Мы остановили машину на набережной Темзы. Хамид спешил по дорожке, и я следовал за ним настолько быстро, насколько мог. В руке он нес пакет и когда он кидал его в воду, любой проходивший мимо мог бы подумать, что он кормит чаек. Он молча наблюдал за пакетом, пока он не скрылся в грязной воде, а затем вернулся к машине.

— Поехали ко мне, — сказал он. — Мы еще не завтракали, и я проголодался!

За едой он перешел к точным инструкциям, которые я должен был выполнять. Он рассказывал в подробностях, что мне делать с Малкольмом в течение следующих сорока дней. Хамид отказался рассказать о методе, который он использовал, и не рассказал, почему было необходимо разбить яйцо у Малкольма на голове. На Хамида это было совершенно непохоже, потому что он всегда скептически относился ко всему, что имело отношение к магии. Затем он поразил меня еще раз.

— Завтра я уезжаю в Стамбул. В начале января ты сможешь найти меня в южной части Анталии. Если ты приедешь должным образом и в верный час, я приму тебя. Но ты должен приехать один, бросив все, что является прошлым. Не должно остаться незаконченных дел, грязного белья в прачечной, неоплаченных счетов. Не должно остаться ничего, что удерживало бы тебя от свободного путешествия. Более того, вся наша совместная работа была всего лишь подготовкой к этому моменту. Теперь от тебя зависит, сделаешь ли ты следующий шаг, который полностью станет шагом в неизведанное.

Потом он улыбнулся мне, положив свою руку на мою:

— Это правда, что я знаю кое-что о Дервишах. Ты должен простить меня, потому что вещи, в которые мы однажды можем углубиться вместе, не предназначены для каждого. И я должен был быть абсолютно уверен, что ты действительно хотел узнать это сердцем, а не только разумом. Я думаю, что ты уже начал усваивать это, не так ли?

Он протянул мне открытку:

— Внимательно посмотри на картинку. Однажды, по Божьей воле, ты посетишь это место; если это произойдет, то ты узнаешь, что твое настоящее путешествие началось.

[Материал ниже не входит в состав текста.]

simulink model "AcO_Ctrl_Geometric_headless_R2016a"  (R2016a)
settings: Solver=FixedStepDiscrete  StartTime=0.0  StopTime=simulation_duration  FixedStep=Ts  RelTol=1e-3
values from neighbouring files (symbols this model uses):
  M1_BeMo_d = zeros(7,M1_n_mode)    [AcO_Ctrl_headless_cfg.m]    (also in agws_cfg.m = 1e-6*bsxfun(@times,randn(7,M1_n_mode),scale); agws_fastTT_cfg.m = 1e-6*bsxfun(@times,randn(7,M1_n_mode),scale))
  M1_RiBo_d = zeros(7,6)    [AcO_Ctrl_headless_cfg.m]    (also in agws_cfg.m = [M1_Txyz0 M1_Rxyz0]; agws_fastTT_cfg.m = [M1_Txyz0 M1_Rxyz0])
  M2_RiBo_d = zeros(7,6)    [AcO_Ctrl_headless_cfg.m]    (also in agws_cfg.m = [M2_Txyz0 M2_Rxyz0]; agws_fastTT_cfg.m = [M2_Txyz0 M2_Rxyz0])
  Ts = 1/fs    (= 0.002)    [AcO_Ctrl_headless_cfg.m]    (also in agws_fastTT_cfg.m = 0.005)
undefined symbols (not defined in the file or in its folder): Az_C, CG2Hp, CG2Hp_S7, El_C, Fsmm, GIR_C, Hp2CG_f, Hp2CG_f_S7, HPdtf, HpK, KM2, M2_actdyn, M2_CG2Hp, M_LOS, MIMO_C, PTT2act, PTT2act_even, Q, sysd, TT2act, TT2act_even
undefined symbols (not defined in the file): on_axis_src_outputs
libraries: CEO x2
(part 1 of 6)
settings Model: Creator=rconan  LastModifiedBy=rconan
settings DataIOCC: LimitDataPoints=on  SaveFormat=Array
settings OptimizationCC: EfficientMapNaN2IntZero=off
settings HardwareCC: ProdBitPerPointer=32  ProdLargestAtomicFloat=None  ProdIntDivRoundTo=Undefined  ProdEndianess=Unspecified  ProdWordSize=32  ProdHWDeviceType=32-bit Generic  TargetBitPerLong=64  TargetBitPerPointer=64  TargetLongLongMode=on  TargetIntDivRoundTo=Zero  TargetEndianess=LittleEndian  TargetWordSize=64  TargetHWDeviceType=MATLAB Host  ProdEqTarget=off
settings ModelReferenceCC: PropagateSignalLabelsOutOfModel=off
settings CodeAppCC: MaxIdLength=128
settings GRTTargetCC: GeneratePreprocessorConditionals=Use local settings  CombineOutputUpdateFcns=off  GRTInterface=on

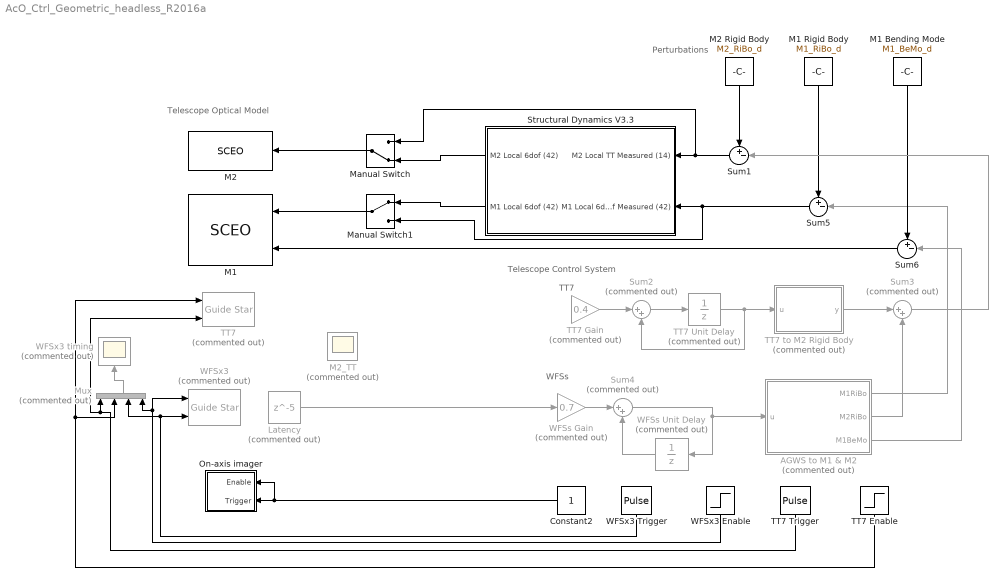
== system AcO_Ctrl_Geometric_headless_R2016a ==
  note: TT7
  note: WFSs
  note: Perturbations
  note: Telescope Control System
  note: Telescope Optical Model
  AGWS to M1 & M2 : MATLAB Function  Commented=on  TreatAsAtomicUnit=on
  Constant2 : Constant  SampleTime=Inf
  Latency : Delay  Commented=on  DelayLength=5
  M1 : M-S-Function  AncestorBlock=CEO/M1 or M2  FunctionName=SCEO  mask(GMTMirror){mirror=M1, TxyzRxyz=on, mode_coefs=on, n_mode=42, sampleTime=[-1,0]}
      mask prompts: TxyzRxyz "Txyz and Rxyz rigid body"; mode_coefs "Mirror mode coefficients"; sampleTime "Sample Time"
      mask help: The GMT M1 or M2 model
      mask init:
      | class_id = 'GMT';
      | msg_box = ceo.dealer(class_id,get_param(gcb,'Name'));
      | set(gcbh,'UserData',msg_box)
      | mask = Simulink.Mask.get(gcb);
      | n_in = 2;
      | msg_box.sampleTime = sampleTime;
      | 
      | gmt_mirror = get_param(gcb,'mirror');
      | 
      | %% START
      | if strcmp(gmt_mirror,'M1')
      |     mirror_args = struct(...
      |         'mirror_modes','bending modes',...
      |         'N_MODE',n_mode);
      |     dims_in = {[7,6],[7,n_mode]};
      | else
      |     mirror_args = struct(...
      |         'mirror_modes','Karhunen-Loeve',...
      |         'N_MODE',n_mode);
      |     dims_in = {[7,6],[7,n_mode]};
      | end
      | start_args = struct('mirror',gmt_mirror,'mirror_args',mirror_args);
      | msg_box.start.args = start_args;
      |          
      | %% UPDATE
      | n_in = 0;
      | inputs_args = struct();
      | update_args = struct('mirror',gmt_mirror,'inputs_args',inputs_args);
      | if TxyzRxyz
      |     n_in = n_in + 1;
      |     dims_in{n_in} = [7,6];
      |     update_args.inputs_args.('TxyzRxyz') = [];
      | end
      | if mode_coefs
      |     n_in = n_in + 1;
      |     dims_in{n_in} = [7,n_mode];
      |     update_args.inputs_args.('mode_coefs') = [];
      | end
      | msg_box.n_in = n_in;
      | msg_box.n_in_ceo = n_in;
      | msg_box.dims_in = dims_in;
      | msg_box.update.args = update_args;
      | 
      | %% OUTPUTS
      | msg_box.n_out = 0;
      | msg_box.dims_out = [];
      mask Help: web(fullfile(fileparts(which('SCEO')),'masks',[get_param(gcb,'MaskType'),'.html']))
      mask TypeOptions mirror: M1 | M2
      mask DialogControl DescGroupVar Prompt: GMT M1 or M2 segmented mirror
      mask DialogControl DescTextVar Prompt: Select to command either M1 or M2 degrees of freedom
      mask DialogControl mirror_commnand Prompt: Mirror commands
      mask Display: fprintf('GMT\nMirror')
  M1 Bending Mode : Constant  Value=M1_BeMo_d
  M1 Rigid Body : Constant  Value=M1_RiBo_d
  M2 : M-S-Function  AncestorBlock=CEO/M1 or M2  FunctionName=SCEO  mask(GMTMirror){mirror=M2, TxyzRxyz=on, mode_coefs=off, n_mode=66, sampleTime=[-1,0]}
      mask prompts: TxyzRxyz "Txyz and Rxyz rigid body"; mode_coefs "Mirror mode coefficients"; sampleTime "Sample Time"
      mask help: The GMT M1 or M2 model
      mask init: same as AcO_Ctrl_Geometric_headless_R2016a/M1
      mask Help: web(fullfile(fileparts(which('SCEO')),'masks',[get_param(gcb,'MaskType'),'.html']))
      mask TypeOptions mirror: M1 | M2
      mask DialogControl DescGroupVar Prompt: GMT M1 or M2 segmented mirror
      mask DialogControl DescTextVar Prompt: Select to command either M1 or M2 degrees of freedom
      mask DialogControl mirror_commnand Prompt: Mirror commands
      mask Display: fprintf('GMT\nMirror')
  M2 Rigid Body : Constant  Value=M2_RiBo_d
  M2_TT : Scope  Commented=on
  Manual Switch : ManualSwitch  CurrentSetting=0
  Manual Switch1 : ManualSwitch
  Mux : Mux  Commented=on
  On-axis imager : Subsystem
  Structural Dynamics V3.3 : Subsystem  Variant=on
  Sum1 : Sum  Inputs=+-|
  Sum2 : Sum  Commented=on  Inputs=|++
  Sum3 : Sum  Commented=on  Inputs=|++
  Sum4 : Sum  Commented=on  Inputs=|++
  Sum5 : Sum  Inputs=+-|
  Sum6 : Sum  Inputs=+-|
  TT7 : CEO/Guide Star  Commented=on  source_prm='JSON/AcO_Ctrl/AcO_TT7_GUIDE_STAR.ubj'  sensor=GeometricTT7  sensor_prm='JSON/AcO_Ctrl/AcO_TT7.ubj'  sensor_calib=tt7_calib  sensor_out={{'M2_TT',14}}  sampleTime=[Ts,0]
  TT7 Trigger : DiscretePulseGenerator  Period=3  PhaseDelay=1/Ts + 3  SampleTime=Ts
  TT7 Enable : Step  SampleTime=Ts
  TT7 Gain : Gain  Commented=on  Gain=0.4
  TT7 Unit Delay : UnitDelay  Commented=on  SampleTime=-1
  TT7 to M2 Rigid Body : MATLAB Function  Commented=on  TreatAsAtomicUnit=on
  WFSs Unit Delay : UnitDelay  Commented=on  SampleTime=-1
  WFSs Gain : Gain  Commented=on  Gain=0.7
  WFSx3 : CEO/Guide Star  Commented=on  source_prm='JSON/AcO_Ctrl/AcO_WFS_GUIDE_STARS.ubj'  sensor=GeometricShackHartmann  sensor_prm='JSON/AcO_Ctrl/AcO_WFS.ubj'  sensor_calib=gs_calib  sensor_out={{'AGWS_D',gs_calib_size}}  sampleTime=[Ts,0]
  WFSx3 Enable : Step  Time=1.5  SampleTime=Ts
  WFSx3 Trigger : DiscretePulseGenerator  Period=0.5/Ts  PhaseDelay=2/Ts  SampleTime=Ts
  WFSx3 timing : Scope  Commented=on
  wires:
  TT7 Unit Delay/1 -> Sum2/2, TT7 to M2 Rigid Body/1(u)
  Sum2/1 -> TT7 Unit Delay/1
  TT7 Gain/1 -> Sum2/1
  Constant2/1 -> On-axis imager/1(Enable), On-axis imager/2(Trigger)
  Mux/1 -> WFSx3 timing/1
  TT7 Trigger/1 -> TT7/2, Mux/1
  TT7 to M2 Rigid Body/1(y) -> Sum3/1
  AGWS to M1 & M2/2(M2RiBo) -> Sum3/2
  Sum4/1 -> WFSs Unit Delay/1, AGWS to M1 & M2/1(u)
  ? -> Latency/1  "AGWS_D"
  WFSs Gain/1 -> Sum4/1
  AGWS to M1 & M2/1(M1RiBo) -> Sum5/2
  M1 Rigid Body/1 -> Sum5/1
  WFSx3 Enable/1 -> Mux/4, WFSx3/1
  AGWS to M1 & M2/3(M1BeMo) -> Sum6/2
  M1 Bending Mode/1 -> Sum6/1
  WFSx3 Trigger/1 -> Mux/3, WFSx3/2
  ? -> TT7 Gain/1, M2_TT/1  "M2_TT"
  Latency/1 -> WFSs Gain/1
  WFSs Unit Delay/1 -> Sum4/2
  Sum5/1 -> Manual Switch1/2, Structural Dynamics V3.3/2(M1 Local 6dof Measured (42))
  Manual Switch/1 -> M2/1
  Manual Switch1/1 -> M1/1
  Sum1/1 -> Manual Switch/1, Structural Dynamics V3.3/1(M2 Local TT Measured (14))
  M2 Rigid Body/1 -> Sum1/1
  TT7 Enable/1 -> Mux/2, TT7/1
  Structural Dynamics V3.3/1(M2 Local 6dof (42)) -> Manual Switch/2
  Structural Dynamics V3.3/2(M1 Local 6dof (42)) -> Manual Switch1/1
  Sum3/1 -> Sum1/2
  Sum6/1 -> M1/2

== system AcO_Ctrl_Geometric_headless_R2016a/On-axis imager ==
  Enable : Inport  SampleTime=Ts
  Trigger : Inport  Port=2  SampleTime=Ts
  Bus Creator : BusCreator  Inputs=5
  Science Star : M-S-Function  AncestorBlock=CEO/Guide Star  FunctionName=SCEO  mask(OpticalPath){source_prm='JSON/AcO_Ctrl/AcO_ON_AXIS_SRC.ubj', sensor=Imaging, sensor_prm='JSON/AcO_Ctrl/AcO_ON_AXIS_IMGR.ubj', sensor_calib=struct('calibrations',[],'filename',[],'pseudo_inverse',[]), sensor_out=on_axis_src_outputs, sampleTime=[Ts,0]}
      mask prompts: source_prm "Parameters"; sensor "Type"; sensor_prm "Parameters"; sensor_calib "Calibration"; sensor_out "Outputs"; sampleTime "Sample Time"
      mask help: Generate a Guide Star and an optional optical sensor
      mask init:
      | class_id = 'OP';
      | msg_box = ceo.dealer(class_id,get_param(gcb,'Name'));
      | set(gcbh,'UserData',msg_box)
      | mask = Simulink.Mask.get(gcb);
      | n_in = 2;
      | dims_in = [];
      | msg_box.n_in = n_in;
      | msg_box.n_in_ceo = 0;
      | msg_box.dims_in = {1,1};
      | n_out = 0;
      | dims_out = {};
      | msg_box.sampleTime = sampleTime;
      | %% START
      | % Source
      | source_args = ceo.liftprm(source_prm);
      | % Sensor
      | prm = mask.getParameter('sensor');
      | sensor_class = prm.TypeOptions{sensor};
      | sensor_args = ceo.liftprm(sensor_prm);
      | miscellaneous_args = [];
      | calib_src_args = [];
      | start_args = struct('source_args',source_args,...
      |               'sensor_class',sensor_class,...
      |               'sensor_args',sensor_args,...
      |               'calibration_source_args',calib_src_args,...
      |               'miscellaneous_args',miscellaneous_args);
      | msg_box.start.args = start_args;
      | %% UPDATE
      | update_args = struct('inputs',[]);
      | msg_box.update.args = update_args;
      | %% OUTPUTS
      | if isempty(sensor_out)
      |     outputs_args = struct('outputs',{[]});
      | else
      |     outputs_args = struct('outputs',{cellfun(@(x) x(1) , sensor_out)} );
      |     dims_out = cellfun(@(x) x(2) , sensor_out );
      |     n_out = numel(dims_out);
      | end
      | msg_box.n_out = n_out;
      | msg_box.dims_out = dims_out;
      | msg_box.outputs.args = outputs_args;
      | %% INITIALIZECONDITIONS
      | init_args = ceo.liftprm(sensor_calib);
      | msg_box.init.args = init_args;
      | 
      | dump(msg_box)
      mask Help: web(fullfile(fileparts(which('SCEO')),'masks',[get_param(gcb,'MaskType'),'.html']))
      mask TypeOptions sensor: None | Imaging | ShackHartmann | GeometricShackHartmann | GeometricTT7
      mask DialogControl DescGroupVar Prompt: Optical Path
      mask DialogControl DescTextVar Prompt: An optical path through the telescope consists in a star and a sensor. Ray tracing is performed from the star to the exist pupil of the GMT. From the exist pupil, the wavefront of the star is Fourier propagated to the detector plane of the sensor.
      mask DialogControl Container14 Prompt: Source
      mask DialogControl Container18 Prompt: Sensor
      mask Display: fprintf('Optical\nPath')
  To File : ToFile  Filename=metrics_MDL353_CASE2_PATCH4.mat  MatrixName=metrics  SaveFormat=Timeseries
  wires:
  Science Star/3 -> Bus Creator/3  "segment_piston"
  Science Star/5 -> Bus Creator/5  "segment_tiptilt"
  Science Star/2 -> Bus Creator/2  "segment_wfe_rms"
  Science Star/1 -> Bus Creator/1  "wfe_rms"
  Enable/1 -> Science Star/1
  Trigger/1 -> Science Star/2
  Science Star/4 -> Bus Creator/4  "tiptilt"
  Bus Creator/1 -> To File/1

== system AcO_Ctrl_Geometric_headless_R2016a/Structural Dynamics V3.3 ==
  M2 Local TT Measured (14) : Inport
  M1 Local 6dof Measured (42) : Inport  Port=2
  Structural Dynamics V3.1 : Subsystem  VariantControl=STATE_SPACE_MDL==310
  Structural Dynamics V3.3 : Subsystem  VariantControl=STATE_SPACE_MDL==330
  Structural Dynamics V3.3a : Subsystem  VariantControl=STATE_SPACE_MDL==331
  Structural Dynamics V3.5.2 : Subsystem  VariantControl=STATE_SPACE_MDL==352
  Structural Dynamics V3.5.3 : Subsystem  VariantControl=STATE_SPACE_MDL==353
  M2 Local 6dof (42) : Outport
  M1 Local 6dof (42) : Outport  Port=2

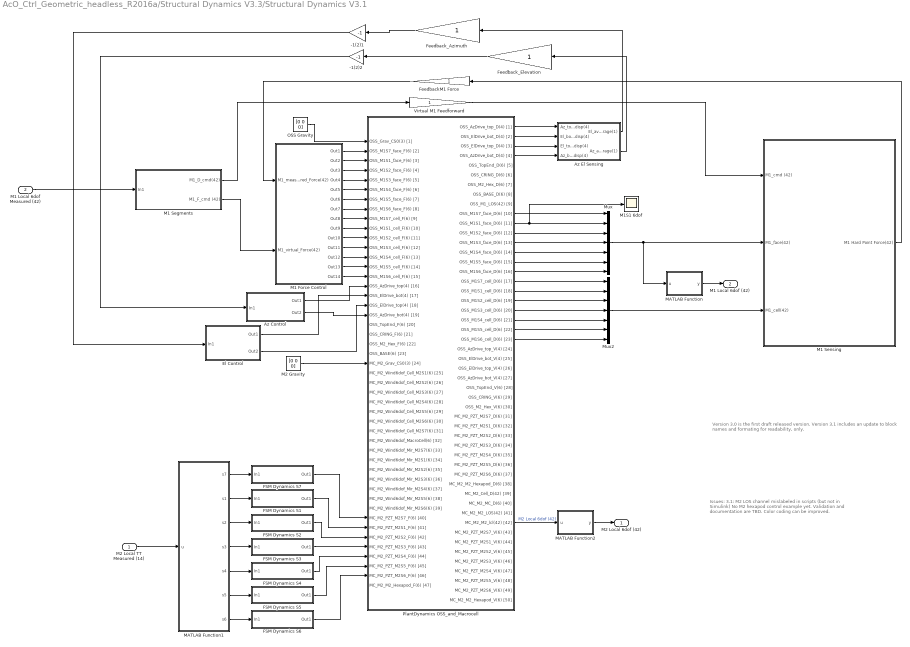
== system AcO_Ctrl_Geometric_headless_R2016a/Structural Dynamics V3.3/Structural Dynamics V3.1 ==
  note: Version 3.0 is  the first draft released version.
      | Version 3.1 includes an update to block names and formating for readability, only.
  note: Issues:
      | 3.1:
      | M2 LOS channel mislabeled in scripts (but not in Simulink)
      | No M2 hexapod control example yet.
      | Validation and documentation are TBD.
      | Color coding can be improved.
  M2 Local TT Measured (14) : Inport
  M1 Local 6dof Measured (42) : Inport  Port=2
  -1(2)1 : Gain  Gain=-1
  -1(2)2 : Gain  Gain=-1
  Az Control : Subsystem
  Az El Sensing : Subsystem
  El Control : Subsystem
  FSM Dynamics S1 : Subsystem
  FSM Dynamics S2 : Subsystem
  FSM Dynamics S3 : Subsystem
  FSM Dynamics S4 : Subsystem
  FSM Dynamics S5 : Subsystem
  FSM Dynamics S6 : Subsystem
  FSM Dynamics S7 : Subsystem
  FeedbackM1 Force : Gain
  Feedback_Azimuth : Gain
  Feedback_Elevation : Gain
  M1 Force Control : Subsystem
  M1 Segments : Subsystem
  M1 Sensing : Subsystem
  M1S1 6dof : Scope
  M2 Gravity : Constant  Value=[0 0 0]
  MATLAB Function : MATLAB Function  TreatAsAtomicUnit=on
  MATLAB Function1 : MATLAB Function  TreatAsAtomicUnit=on
  MATLAB Function2 : MATLAB Function  TreatAsAtomicUnit=on
  Mux : Mux  Inputs=6*ones(7,1)
  Mux2 : Mux  Inputs=6*ones(7,1)
  OSS Gravity : Constant  Value=[0 0 0]
  PlantDynamics OSS_and_Macrocell : Subsystem
  Virtual M1 Feedforward : Gain
  M2 Local 6dof (42) : Outport
  M1 Local 6dof (42) : Outport  Port=2
  wires:
  M2 Local TT Measured (14)/1 -> MATLAB Function1/1(u)
  FSM Dynamics S7/1(Out1) -> PlantDynamics OSS_and_Macrocell/40(MC_M2_PZT_M2S7_F(6) [40])
  MATLAB Function2/1(y) -> M2 Local 6dof (42)/1
  MATLAB Function/1(y) -> M1 Local 6dof (42)/1
  M1 Local 6dof Measured (42)/1 -> M1 Segments/1(In1)
  MATLAB Function1/1(s7) -> FSM Dynamics S7/1(In1)
  MATLAB Function1/2(s1) -> FSM Dynamics S1/1(In1)
  MATLAB Function1/3(s2) -> FSM Dynamics S2/1(In1)
  MATLAB Function1/4(s3) -> FSM Dynamics S3/1(In1)
  MATLAB Function1/5(s4) -> FSM Dynamics S4/1(In1)
  MATLAB Function1/6(s5) -> FSM Dynamics S5/1(In1)
  MATLAB Function1/7(s6) -> FSM Dynamics S6/1(In1)
  Virtual M1 Feedforward/1 -> M1 Sensing/1(M1_cmd (42))
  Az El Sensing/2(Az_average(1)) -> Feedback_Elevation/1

На открытке была фотография, как мне показалось, внутреннего помещения большой гробницы. На переднем плане восхитительная золотая материя покрывала то, что, как я предполагал, являлось гробом, в изголовье которого покоился огромный голубой тюрбан. Свет в помещении отражался на цветных стенах гробницы, покрытых золотой арабской вязью в обрамлении красного, черного и зеленого кафеля. На обороте открытки Хамид написал адрес: до востребования, абонентский ящик 18, Сиде, Анталия, Турция.

Остаток дня мы провели вместе. Я даже не понимал, насколько я привязался к нему за время нашего совместного обучения. Мысль о том, что он уезжает, наполняла меня чувством утраты. Но я также понимал, что если я последую за ним, это даст мне глубокую сопричастность на последующие годы. На прощание мы обнялись; глубоко потрясенный, я вышел из его дома и направился к автобусной остановке. Был холодный ноябрьский день 1969 года. Воздух был влажный, слегка туманный. До меня доносился запах горящих на площади листьев.